I started this project with this Taylor Swift lyrics dataset up on kaggle. It was a little out of date and my girlfriend is a Swiftie, so I had to spend several hours adding our albums worth of song lyrics.

library(readr)
library(tidytext)
library(wordcloud)
data(stop_words)
library(tidyverse)

github_proj <- "https://raw.githubusercontent.com/tonythor/cuny-datascience/develop/" 
song_lyrics <- read_csv(paste0(github_proj, "data/taylor_swift_lyrics.csv"))  %>%
  unnest_tokens(word, lyric)

A lyrics word cloud

wc_count = 20
wc_df <- song_lyrics %>% 
  select(word) %>%
  anti_join(stop_words, by = "word") %>%
  count(word) %>%
  filter(n >= wc_count) %>%
  arrange(desc(n))
#View(wc_df) <- and wow!
wc_df %>%  with(wordcloud(words = word, freq = n, min.freq = 1, 
                  random.order = FALSE, rot.per = 0.35, 
                  colors = brewer.pal(8, "Dark2")))

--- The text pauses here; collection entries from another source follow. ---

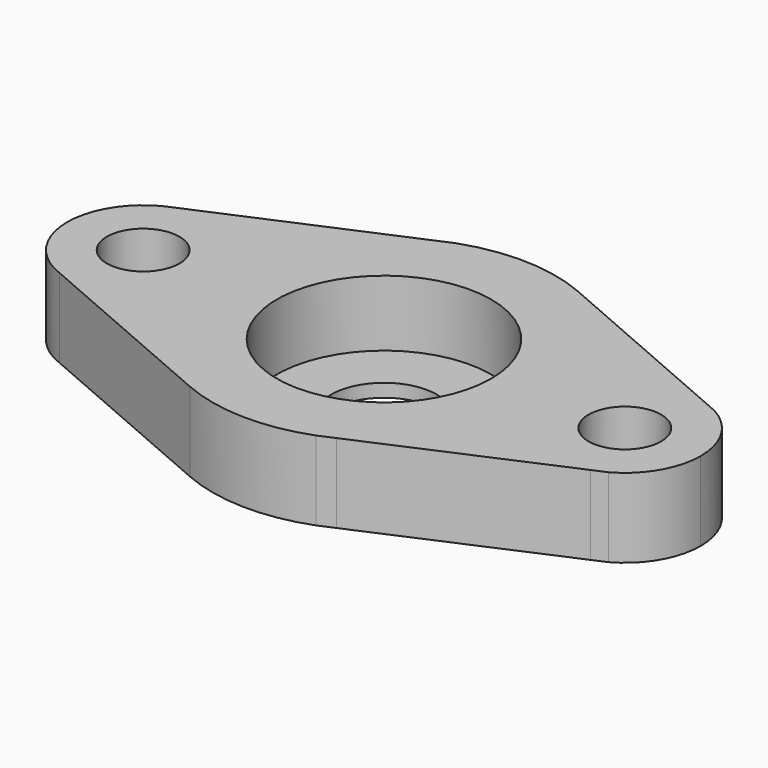
from build123d import *

# Parameters (mm, degrees)
F0_R     = 2.75
F0_R_2   = 4
F1_DEPTH = 6
F2_R     = 8.125
F2_R_2   = 4
F3_DEPTH = 5


# Not quite as in the source:
# - a feature names something its author has since deleted; it is built from what else it names


with BuildPart() as f1:
    # F0 (on Top) → F1 (new body)
    with BuildSketch(Plane.XY):
        with BuildLine():
            ThreePointArc((20.0822139412, 5.4502744952), (15.7589539647, 5.182392271), (12.8493150685, 1.9736013454))
            ThreePointArc((12.8493150685, 1.9736013454), (12.9622740268, 0.9896727008), (13, 0))
            ThreePointArc((13, 0), (12.9622740268, -0.9896727008), (12.8493150685, -1.9736013454))
            ThreePointArc((12.8493150685, -1.9736013454), (15.7262122641, -5.1665264409), (20.0130954241, -5.4730242577))
            Line((20.0130954241, -5.4730242577), (21.0412591059, -5.0270640143))
            ThreePointArc((21.0412591059, -5.0270640143), (23.2054131946, -2.9165699153), (24, 0))
            ThreePointArc((24, 0), (23.1883419046, 2.9453826972), (20.982511571, 5.0592371474))
            Line((20.982511571, 5.0592371474), (20.0822139412, 5.4502744952))
        make_face()
        with Locations((18.25, 0)):
            Circle(F0_R, mode=Mode.SUBTRACT)
        with BuildLine():
            Line((20.0822139412, 5.4502744952), (5.2758693561, 11.8812963323))
            ThreePointArc((5.2758693561, 11.8812963323), (10.328174214, 7.8948601891), (12.8493150685, 1.9736013454))
            ThreePointArc((12.8493150685, 1.9736013454), (15.7589539647, 5.182392271), (20.0822139412, 5.4502744952))
        make_face()
        with BuildLine():
            ThreePointArc((13, 0), (12.9622740268, 0.9896727008), (12.8493150685, 1.9736013454))
            ThreePointArc((12.8493150685, 1.9736013454), (12.5, 0), (12.8493150685, -1.9736013454))
            ThreePointArc((12.8493150685, -1.9736013454), (12.9622740268, -0.9896727008), (13, 0))
        make_face()
        with BuildLine():
            ThreePointArc((20.0130954241, -5.4730242577), (15.7262122641, -5.1665264409), (12.8493150685, -1.9736013454))
            ThreePointArc((12.8493150685, -1.9736013454), (10.4831727002, -7.6878534154), (5.7442785493, -11.6620437295))
            Line((5.7442785493, -11.6620437295), (20.0130954241, -5.4730242577))
        make_face()
        with BuildLine():
            Line((5.2758693561, 11.8812963323), (5.0818351063, 11.9655736157))
            ThreePointArc((5.0818351063, 11.9655736157), (0.4274688612, 12.9929700366), (-4.2843620194, 12.273721607))
            Line((-4.2843620194, 12.273721607), (-5.9821590265, 11.5418271249))
            ThreePointArc((-5.9821590265, 11.5418271249), (-10.5614317348, 7.5799841498), (-12.8493150685, 1.9736013454))
            ThreePointArc((-12.8493150685, 1.9736013454), (-12.588002192, 1.0021381252), (-12.5, 0))
            ThreePointArc((-12.5, 0), (-12.588002192, -1.0021381252), (-12.8493150685, -1.9736013454))
            ThreePointArc((-12.8493150685, -1.9736013454), (-10.2925346971, -7.9412675001), (-5.1687008476, -11.9283079918))
            ThreePointArc((-5.1687008476, -11.9283079918), (-0.3123803464, -12.9962463242), (4.589640736, -12.1628614197))
            Line((4.589640736, -12.1628614197), (5.7442785493, -11.6620437295))
            ThreePointArc((5.7442785493, -11.6620437295), (10.4831727002, -7.6878534154), (12.8493150685, -1.9736013454))
            ThreePointArc((12.8493150685, -1.9736013454), (12.5, 0), (12.8493150685, 1.9736013454))
            ThreePointArc((12.8493150685, 1.9736013454), (10.328174214, 7.8948601891), (5.2758693561, 11.8812963323))
        make_face()
        Circle(F0_R_2, mode=Mode.SUBTRACT)
        with BuildLine():
            ThreePointArc((-12.8493150685, -1.9736013454), (-13, 0), (-12.8493150685, 1.9736013454))
            ThreePointArc((-12.8493150685, 1.9736013454), (-15.8411768162, 5.2211177797), (-20.2535684755, 5.3896394466))
            ThreePointArc((-20.2535684755, 5.3896394466), (-23.9999641766, 0.020296977), (-20.2915681825, -5.3753603932))
            ThreePointArc((-20.2915681825, -5.3753603932), (-15.8596218943, -5.229588178), (-12.8493150685, -1.9736013454))
        make_face()
        with Locations((-18.25, 0)):
            Circle(F0_R, mode=Mode.SUBTRACT)
        with BuildLine():
            ThreePointArc((-12.5, 0), (-12.588002192, 1.0021381252), (-12.8493150685, 1.9736013454))
            ThreePointArc((-12.8493150685, 1.9736013454), (-13, 0), (-12.8493150685, -1.9736013454))
            ThreePointArc((-12.8493150685, -1.9736013454), (-12.588002192, -1.0021381252), (-12.5, 0))
        make_face()
        with BuildLine():
            ThreePointArc((-12.8493150685, 1.9736013454), (-10.5614317348, 7.5799841498), (-5.9821590265, 11.5418271249))
            Line((-5.9821590265, 11.5418271249), (-20.2535684755, 5.3896394466))
            ThreePointArc((-20.2535684755, 5.3896394466), (-15.8411768162, 5.2211177797), (-12.8493150685, 1.9736013454))
        make_face()
        with BuildLine():
            ThreePointArc((-5.1687008476, -11.9283079918), (-10.2925346971, -7.9412675001), (-12.8493150685, -1.9736013454))
            ThreePointArc((-12.8493150685, -1.9736013454), (-15.8596218943, -5.229588178), (-20.2915681825, -5.3753603932))
            Line((-20.2915681825, -5.3753603932), (-5.1687008476, -11.9283079918))
        make_face()
    extrude(amount=F1_DEPTH)

    # F2 (on face) → F3 (cut)
    with BuildSketch(Plane.XY.offset(6)):
        Circle(F2_R)
        Circle(F2_R_2, mode=Mode.SUBTRACT)
    extrude(amount=-F3_DEPTH, mode=Mode.SUBTRACT)


solid = f1.part

This word cloud was so awesome looking that I immediately posted it on Facebook. In my post, I asked people if they recognized it. In order, the first three responses were:

  1. Pop music
  2. Smokey Robinson & The Miracles
  3. The queen

Isn’t #2 a fascinating answer?

Sentiment by album

nrc <- get_sentiments("nrc")

song_lyrics %>%
  inner_join(nrc, by = "word", relationship = "many-to-many") %>%
  count(album, sentiment) %>%
  group_by(album) %>%
  mutate(total = sum(n)) %>%
  ungroup() %>%
  mutate(percentage = n / total) %>%
  ggplot(aes(x = album, y = percentage, fill = sentiment)) +
  geom_bar(stat = "identity", position = "fill") +
  scale_y_continuous(labels = scales::percent) +
  theme(axis.text.x = element_text(angle = 90, vjust = 0.5, hjust = 1)) +
  labs(title = "Sentiment Distribution by Album",
       x = "Album",
       y = "Percentage",
       fill = "Sentiment")

As the code says, I took the NRC sentiment lexicon1, inner joined it with non stop-word lyrics, and then summed the NRC sentiment score per album. Given they are roughly so equal, the question this leaves me with is, is this about the right mix of emotions for a blockbuster pop album?

The most positive and negatives songs

bing <- get_sentiments("bing")
top_n_count <- 10

song_lyrics %>%
  inner_join(get_sentiments("bing"), by = "word", relationship = "many-to-many") %>%
  filter(sentiment %in% c("positive", "negative")) %>%
  count(track_title, sentiment) %>%
  spread(sentiment, n, fill = 0) %>%
  mutate(net_sentiment = positive - negative) %>%
  arrange(desc(net_sentiment)) %>%
  slice(c(1:top_n_count, (n() - top_n_count + 1):n())) %>%
  ungroup() %>%
  ggplot(aes(x = reorder(track_title, net_sentiment), y = net_sentiment, 
      fill = ifelse(net_sentiment >= 0, "Positive", "Negative"))) +
    geom_bar(stat = "identity") +
    scale_fill_manual(values = c("Positive" = "gold", "Negative" = "steelblue")) +
    coord_flip() +
    labs(title = "Most Positive and Negative Songs",
         x = "Net Positive Sentiment Count",
         y = "Song Title",
         fill = "Sentiment") +
    theme_minimal()

Though great looking, this is not the most advanced analysis. As the code suggests, I joined lyric words with the Bing sentiment lexicon2, then I grouped by song and took the top and bottom 10. This does not take into account satire, double negatives, etc.